BORLOO ! C’est du pipo Les D.I.R.E.N en ont R.A.B de l’environnement Le ministère de l’environnement est parfaitement au courant de la pollution qui hante le marais (ZNIEFF) de Cabourg Varaville chaque année depuis 2005. http://varaville.ifrance.com et http://nativelle.over-blog.com/ Ce même ministère nous le savions était complètement sourd puisque la DIREN de basse Normandie me renvoyait au ministère et que le ministère lui me renvoyait à la DIREN. Après les élections, je me suis dit LA, tout va changé L’ami Borloo est arrivé avec sa dégaine de brave type les poches de son grand manteau remplies de promesses. J’étais presque rassuré Plus tard je suis tombé sur le blog Internet de son comité de soutient regardez les commentaires entre Pier et moi même Nativelle à ces adresses http://varaville.ifrance.com/JBorloo.htm http://varaville.ifrance.com/Borloo.htm Ils m’ont tellement baratiné que j’étais certain que cette fois j’avais gagné, que la ZNIEFF serait épargnée pour les années avenir. Mais voila du pipo, Borloo c’est du pipo.

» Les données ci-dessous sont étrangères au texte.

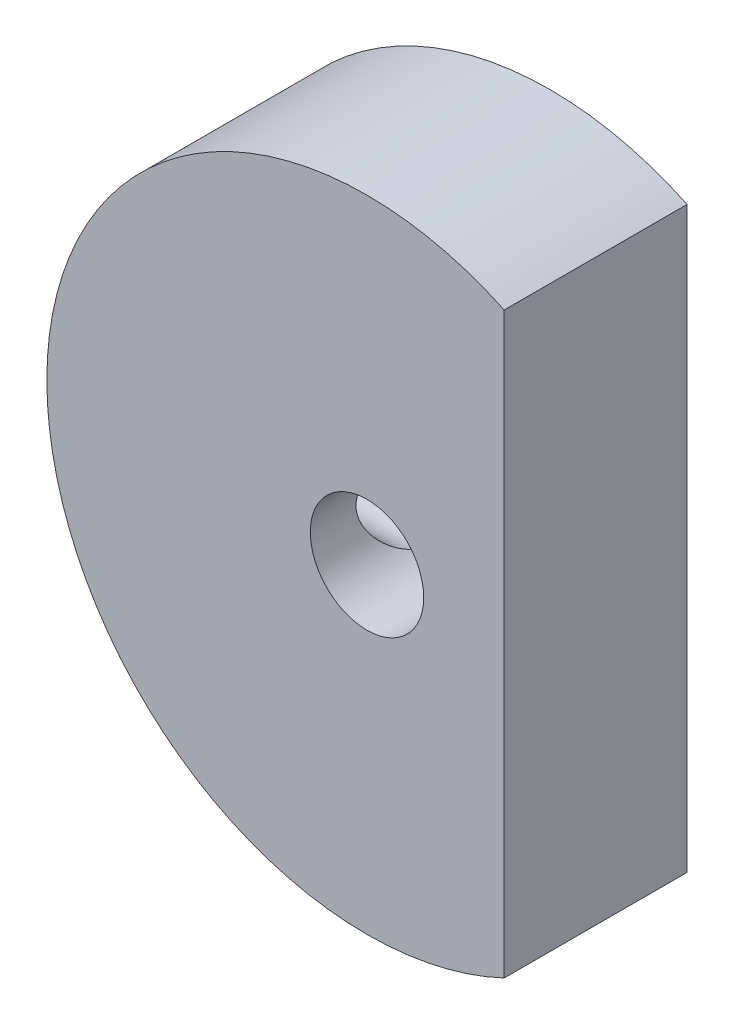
ISO-10303-21;
HEADER;
FILE_DESCRIPTION(('STEP AP214'),'2;1');
FILE_NAME('part.step','',(''),(''),'','','');
FILE_SCHEMA(('AUTOMOTIVE_DESIGN { 1 0 10303 214 1 1 1 1 }'));
ENDSEC;
DATA;
#1=APPLICATION_CONTEXT('core data for automotive mechanical design processes');
#2=APPLICATION_PROTOCOL_DEFINITION('international standard','automotive_design',2000,#1);
#3=PRODUCT_CONTEXT('',#1,'mechanical');
#4=PRODUCT('Part','Part','',(#3));
#5=PRODUCT_RELATED_PRODUCT_CATEGORY('part','',(#4));
#6=PRODUCT_DEFINITION_FORMATION('','',#4);
#7=PRODUCT_DEFINITION_CONTEXT('part definition',#1,'design');
#8=PRODUCT_DEFINITION('design','',#6,#7);
#9=PRODUCT_DEFINITION_SHAPE('','',#8);
#10=(LENGTH_UNIT() NAMED_UNIT(*) SI_UNIT(.MILLI.,.METRE.));
#11=(NAMED_UNIT(*) PLANE_ANGLE_UNIT() SI_UNIT($,.RADIAN.));
#12=(NAMED_UNIT(*) SI_UNIT($,.STERADIAN.) SOLID_ANGLE_UNIT());
#13=UNCERTAINTY_MEASURE_WITH_UNIT(LENGTH_MEASURE(1.E-05),#10,'distance_accuracy_value','');
#14=(GEOMETRIC_REPRESENTATION_CONTEXT(3) GLOBAL_UNCERTAINTY_ASSIGNED_CONTEXT((#13)) GLOBAL_UNIT_ASSIGNED_CONTEXT((#10,
#11,#12)) REPRESENTATION_CONTEXT('',''));
#15=CARTESIAN_POINT('',(0.,0.,0.));
#16=DIRECTION('',(0.,0.,1.));
#17=DIRECTION('',(1.,0.,0.));
#18=AXIS2_PLACEMENT_3D('',#15,#16,#17);
#19=CARTESIAN_POINT('',(0.,0.,5.));
#20=DIRECTION('',(0.,0.,1.));
#21=DIRECTION('',(1.,0.,0.));
#22=AXIS2_PLACEMENT_3D('',#19,#20,#21);
#23=PLANE('',#22);
#24=CARTESIAN_POINT('',(0.,0.,5.));
#25=DIRECTION('',(0.,0.,1.));
#26=DIRECTION('',(1.,0.,0.));
#27=AXIS2_PLACEMENT_3D('',#24,#25,#26);
#28=CIRCLE('',#27,17.5);
#29=CARTESIAN_POINT('',(7.5,15.8113883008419,5.));
#30=VERTEX_POINT('',#29);
#31=CARTESIAN_POINT('',(7.5,-15.8113883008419,5.));
#32=VERTEX_POINT('',#31);
#33=EDGE_CURVE('E121',#30,#32,#28,.T.);
#34=ORIENTED_EDGE('',*,*,#33,.T.);
#35=DIRECTION('',(0.,1.,0.));
#36=VECTOR('',#35,1.);
#37=CARTESIAN_POINT('',(7.5,15.8113883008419,5.));
#38=LINE('',#37,#36);
#39=EDGE_CURVE('E61',#32,#30,#38,.T.);
#40=ORIENTED_EDGE('',*,*,#39,.T.);
#41=EDGE_LOOP('',(#34,#40));
#42=FACE_BOUND('',#41,.T.);
#43=CARTESIAN_POINT('',(0.,0.,5.));
#44=DIRECTION('',(0.,0.,1.));
#45=DIRECTION('',(1.,0.,0.));
#46=AXIS2_PLACEMENT_3D('',#43,#44,#45);
#47=CIRCLE('',#46,3.1);
#48=CARTESIAN_POINT('',(3.1,0.,5.));
#49=VERTEX_POINT('',#48);
#50=EDGE_CURVE('E83',#49,#49,#47,.T.);
#51=ORIENTED_EDGE('',*,*,#50,.F.);
#52=EDGE_LOOP('',(#51));
#53=FACE_BOUND('',#52,.T.);
#54=ADVANCED_FACE('F38',(#42,#53),#23,.T.);
#55=CARTESIAN_POINT('',(0.,0.,-5.));
#56=DIRECTION('',(0.,0.,1.));
#57=DIRECTION('',(1.,0.,0.));
#58=AXIS2_PLACEMENT_3D('',#55,#56,#57);
#59=PLANE('',#58);
#60=CARTESIAN_POINT('',(0.,0.,-5.));
#61=DIRECTION('',(0.,0.,1.));
#62=DIRECTION('',(1.,0.,0.));
#63=AXIS2_PLACEMENT_3D('',#60,#61,#62);
#64=CIRCLE('',#63,17.5);
#65=CARTESIAN_POINT('',(7.5,15.8113883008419,-5.));
#66=VERTEX_POINT('',#65);
#67=CARTESIAN_POINT('',(7.5,-15.8113883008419,-5.));
#68=VERTEX_POINT('',#67);
#69=EDGE_CURVE('E122',#66,#68,#64,.T.);
#70=ORIENTED_EDGE('',*,*,#69,.F.);
#71=DIRECTION('',(0.,1.,0.));
#72=VECTOR('',#71,1.);
#73=CARTESIAN_POINT('',(7.5,15.8113883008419,-5.));
#74=LINE('',#73,#72);
#75=EDGE_CURVE('E114',#68,#66,#74,.T.);
#76=ORIENTED_EDGE('',*,*,#75,.F.);
#77=EDGE_LOOP('',(#70,#76));
#78=FACE_BOUND('',#77,.T.);
#79=CARTESIAN_POINT('',(0.,0.,-5.));
#80=DIRECTION('',(0.,0.,1.));
#81=DIRECTION('',(1.,0.,0.));
#82=AXIS2_PLACEMENT_3D('',#79,#80,#81);
#83=CIRCLE('',#82,3.1);
#84=CARTESIAN_POINT('',(3.1,0.,-5.));
#85=VERTEX_POINT('',#84);
#86=EDGE_CURVE('E80',#85,#85,#83,.T.);
#87=ORIENTED_EDGE('',*,*,#86,.T.);
#88=EDGE_LOOP('',(#87));
#89=FACE_BOUND('',#88,.T.);
#90=ADVANCED_FACE('F104',(#78,#89),#59,.F.);
#91=CARTESIAN_POINT('',(0.,0.,5.));
#92=DIRECTION('',(0.,0.,-1.));
#93=DIRECTION('',(-1.,0.,0.));
#94=AXIS2_PLACEMENT_3D('',#91,#92,#93);
#95=CYLINDRICAL_SURFACE('',#94,17.5);
#96=CARTESIAN_POINT('',(-17.5,0.,2.49999999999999));
#97=CARTESIAN_POINT('',(-17.4999978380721,-0.139663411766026,2.49999418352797));
#98=CARTESIAN_POINT('',(-17.4983105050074,-0.279409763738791,2.48825698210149));
#99=CARTESIAN_POINT('',(-17.4917417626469,-0.5550016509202,2.44162715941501));
#100=CARTESIAN_POINT('',(-17.4868571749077,-0.690843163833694,2.40671149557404));
#101=CARTESIAN_POINT('',(-17.4744432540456,-0.954596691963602,2.31478484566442));
#102=CARTESIAN_POINT('',(-17.4669158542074,-1.08251442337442,2.25779000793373));
#103=CARTESIAN_POINT('',(-17.4500497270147,-1.32694912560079,2.1233611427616));
#104=CARTESIAN_POINT('',(-17.4407112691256,-1.44346778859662,2.04593015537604));
#105=CARTESIAN_POINT('',(-17.4211884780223,-1.66264662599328,1.87223957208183));
#106=CARTESIAN_POINT('',(-17.4109991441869,-1.76521397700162,1.77586339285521));
#107=CARTESIAN_POINT('',(-17.3909624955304,-1.95277822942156,1.56726896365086));
#108=CARTESIAN_POINT('',(-17.3811151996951,-2.03777415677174,1.45504983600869));
#109=CARTESIAN_POINT('',(-17.3628289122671,-2.18813969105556,1.21733720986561));
#110=CARTESIAN_POINT('',(-17.3543963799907,-2.2534203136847,1.09178688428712));
#111=CARTESIAN_POINT('',(-17.3399620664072,-2.36193362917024,0.83136365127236));
#112=CARTESIAN_POINT('',(-17.3339601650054,-2.40516741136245,0.696491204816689));
#113=CARTESIAN_POINT('',(-17.3251154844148,-2.46807330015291,0.422224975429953));
#114=CARTESIAN_POINT('',(-17.3222514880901,-2.48790372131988,0.282868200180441));
#115=CARTESIAN_POINT('',(-17.3199423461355,-2.5039302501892,0.00277773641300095));
#116=CARTESIAN_POINT('',(-17.320497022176,-2.50012759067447,-0.137955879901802));
#117=CARTESIAN_POINT('',(-17.3249431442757,-2.46912545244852,-0.415691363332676));
#118=CARTESIAN_POINT('',(-17.328809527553,-2.44210170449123,-0.552713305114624));
#119=CARTESIAN_POINT('',(-17.3394042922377,-2.36569930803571,-0.820257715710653));
#120=CARTESIAN_POINT('',(-17.3461327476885,-2.31632008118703,-0.950780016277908));
#121=CARTESIAN_POINT('',(-17.361721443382,-2.19642380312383,-1.20215818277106));
#122=CARTESIAN_POINT('',(-17.3705892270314,-2.12583173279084,-1.3229777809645));
#123=CARTESIAN_POINT('',(-17.3894518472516,-1.96556711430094,-1.55112303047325));
#124=CARTESIAN_POINT('',(-17.3994467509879,-1.87589342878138,-1.65844787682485));
#125=CARTESIAN_POINT('',(-17.4195483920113,-1.67904364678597,-1.85757600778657));
#126=CARTESIAN_POINT('',(-17.4296553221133,-1.57171634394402,-1.94922986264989));
#127=CARTESIAN_POINT('',(-17.4487579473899,-1.34312289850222,-2.11324625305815));
#128=CARTESIAN_POINT('',(-17.4577536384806,-1.22185670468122,-2.18560871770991));
#129=CARTESIAN_POINT('',(-17.4736283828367,-0.968702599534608,-2.30899359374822));
#130=CARTESIAN_POINT('',(-17.4805063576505,-0.836809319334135,-2.36000513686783));
#131=CARTESIAN_POINT('',(-17.4913614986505,-0.566208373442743,-2.43911367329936));
#132=CARTESIAN_POINT('',(-17.4953388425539,-0.427501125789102,-2.46721207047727));
#133=CARTESIAN_POINT('',(-17.4999211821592,-0.148500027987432,-2.49949953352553));
#134=CARTESIAN_POINT('',(-17.500555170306,-0.00823042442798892,-2.50389415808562));
#135=CARTESIAN_POINT('',(-17.4984580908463,0.271043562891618,-2.48919398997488));
#136=CARTESIAN_POINT('',(-17.4957271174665,0.410047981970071,-2.47009985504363));
#137=CARTESIAN_POINT('',(-17.4872249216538,0.682228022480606,-2.4091350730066));
#138=CARTESIAN_POINT('',(-17.4814669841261,0.815426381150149,-2.36736392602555));
#139=CARTESIAN_POINT('',(-17.4675546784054,1.07292868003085,-2.26233532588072));
#140=CARTESIAN_POINT('',(-17.4594002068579,1.19723223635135,-2.19907694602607));
#141=CARTESIAN_POINT('',(-17.4415297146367,1.43432461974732,-2.05238272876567));
#142=CARTESIAN_POINT('',(-17.4318036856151,1.54703151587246,-1.96881571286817));
#143=CARTESIAN_POINT('',(-17.4119055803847,1.75689411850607,-1.78405990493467));
#144=CARTESIAN_POINT('',(-17.4017334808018,1.85404900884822,-1.68287018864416));
#145=CARTESIAN_POINT('',(-17.3819985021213,2.03079205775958,-1.46482912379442));
#146=CARTESIAN_POINT('',(-17.3724407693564,2.11024287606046,-1.34786591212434));
#147=CARTESIAN_POINT('',(-17.3551058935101,2.24836960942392,-1.102133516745));
#148=CARTESIAN_POINT('',(-17.3473287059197,2.30704604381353,-0.973364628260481));
#149=CARTESIAN_POINT('',(-17.334472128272,2.40174263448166,-0.708095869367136));
#150=CARTESIAN_POINT('',(-17.3293839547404,2.43783662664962,-0.571622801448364));
#151=CARTESIAN_POINT('',(-17.3224576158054,2.48657966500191,-0.294474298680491));
#152=CARTESIAN_POINT('',(-17.3206192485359,2.49923016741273,-0.153799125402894));
#153=CARTESIAN_POINT('',(-17.3204077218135,2.50069487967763,0.126392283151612));
#154=CARTESIAN_POINT('',(-17.3220031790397,2.48972496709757,0.265907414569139));
#155=CARTESIAN_POINT('',(-17.3284115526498,2.44472119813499,0.541087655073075));
#156=CARTESIAN_POINT('',(-17.3332244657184,2.41068736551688,0.676752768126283));
#157=CARTESIAN_POINT('',(-17.3455148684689,2.32059556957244,0.940331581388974));
#158=CARTESIAN_POINT('',(-17.3529907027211,2.26455128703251,1.0682500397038));
#159=CARTESIAN_POINT('',(-17.3697668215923,2.13205080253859,1.31290305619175));
#160=CARTESIAN_POINT('',(-17.3790671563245,2.05559403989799,1.42963730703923));
#161=CARTESIAN_POINT('',(-17.3985457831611,1.88364934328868,1.64970727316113));
#162=CARTESIAN_POINT('',(-17.4087310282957,1.78800116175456,1.75291718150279));
#163=CARTESIAN_POINT('',(-17.4287727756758,1.58072689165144,1.94189963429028));
#164=CARTESIAN_POINT('',(-17.4386292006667,1.46909708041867,2.02766810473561));
#165=CARTESIAN_POINT('',(-17.456958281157,1.23237928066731,2.17970946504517));
#166=CARTESIAN_POINT('',(-17.4654238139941,1.10722714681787,2.24588331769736));
#167=CARTESIAN_POINT('',(-17.4799469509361,0.847526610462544,2.35617468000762));
#168=CARTESIAN_POINT('',(-17.4860070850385,0.712988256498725,2.40031537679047));
#169=CARTESIAN_POINT('',(-17.4936295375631,0.481514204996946,2.45510448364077));
#170=CARTESIAN_POINT('',(-17.4960063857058,0.386017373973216,2.4719150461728));
#171=CARTESIAN_POINT('',(-17.4991923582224,0.193693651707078,2.49436476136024));
#172=CARTESIAN_POINT('',(-17.5000014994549,0.096866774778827,2.50000403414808));
#173=CARTESIAN_POINT('',(-17.5,0.,2.49999999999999));
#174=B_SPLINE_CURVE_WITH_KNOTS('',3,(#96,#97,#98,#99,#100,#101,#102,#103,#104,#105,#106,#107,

La suite est presque du domaine de l’incroyable. Le ministère continue à s’taire, Borloo un vers à la main en dit toujours trop et ne fait rien, son comité de soutient à fichu le camp et le blog disparu. Et le marais dans tout ça ? Et bien rien. On se retrouve dans la même situation que les années précédentes puisque l’on remet ça en 2008 avec la complicité du préfet Alors messieurs avec votre grenelle de l’environnement et tout le baratin qui va avec, lâchez nous les basquettes. Sarko, Borloo, Kosciusko Avant de faire la leçon aux Américains, chinois, et autres sur l’environnement et les droits de l’homme REGARDEZ CHEZ VOUS bordel. Frottez vous les yeux et réagissez avant que les Français vous prennent pour ce que vous êtes vraiment… Nativelle P Cabourg pnativ@voila.fr

Christophe Delanoe 01/10/2007 14:24

D'accord avec ton analyse. Mais c'est aussi face à un pb global la raison pour laquelle je pousse l'analyse juqu'à comprendre l'inaptitude  de certains à la modération, bien que participant activement aux "décisions"!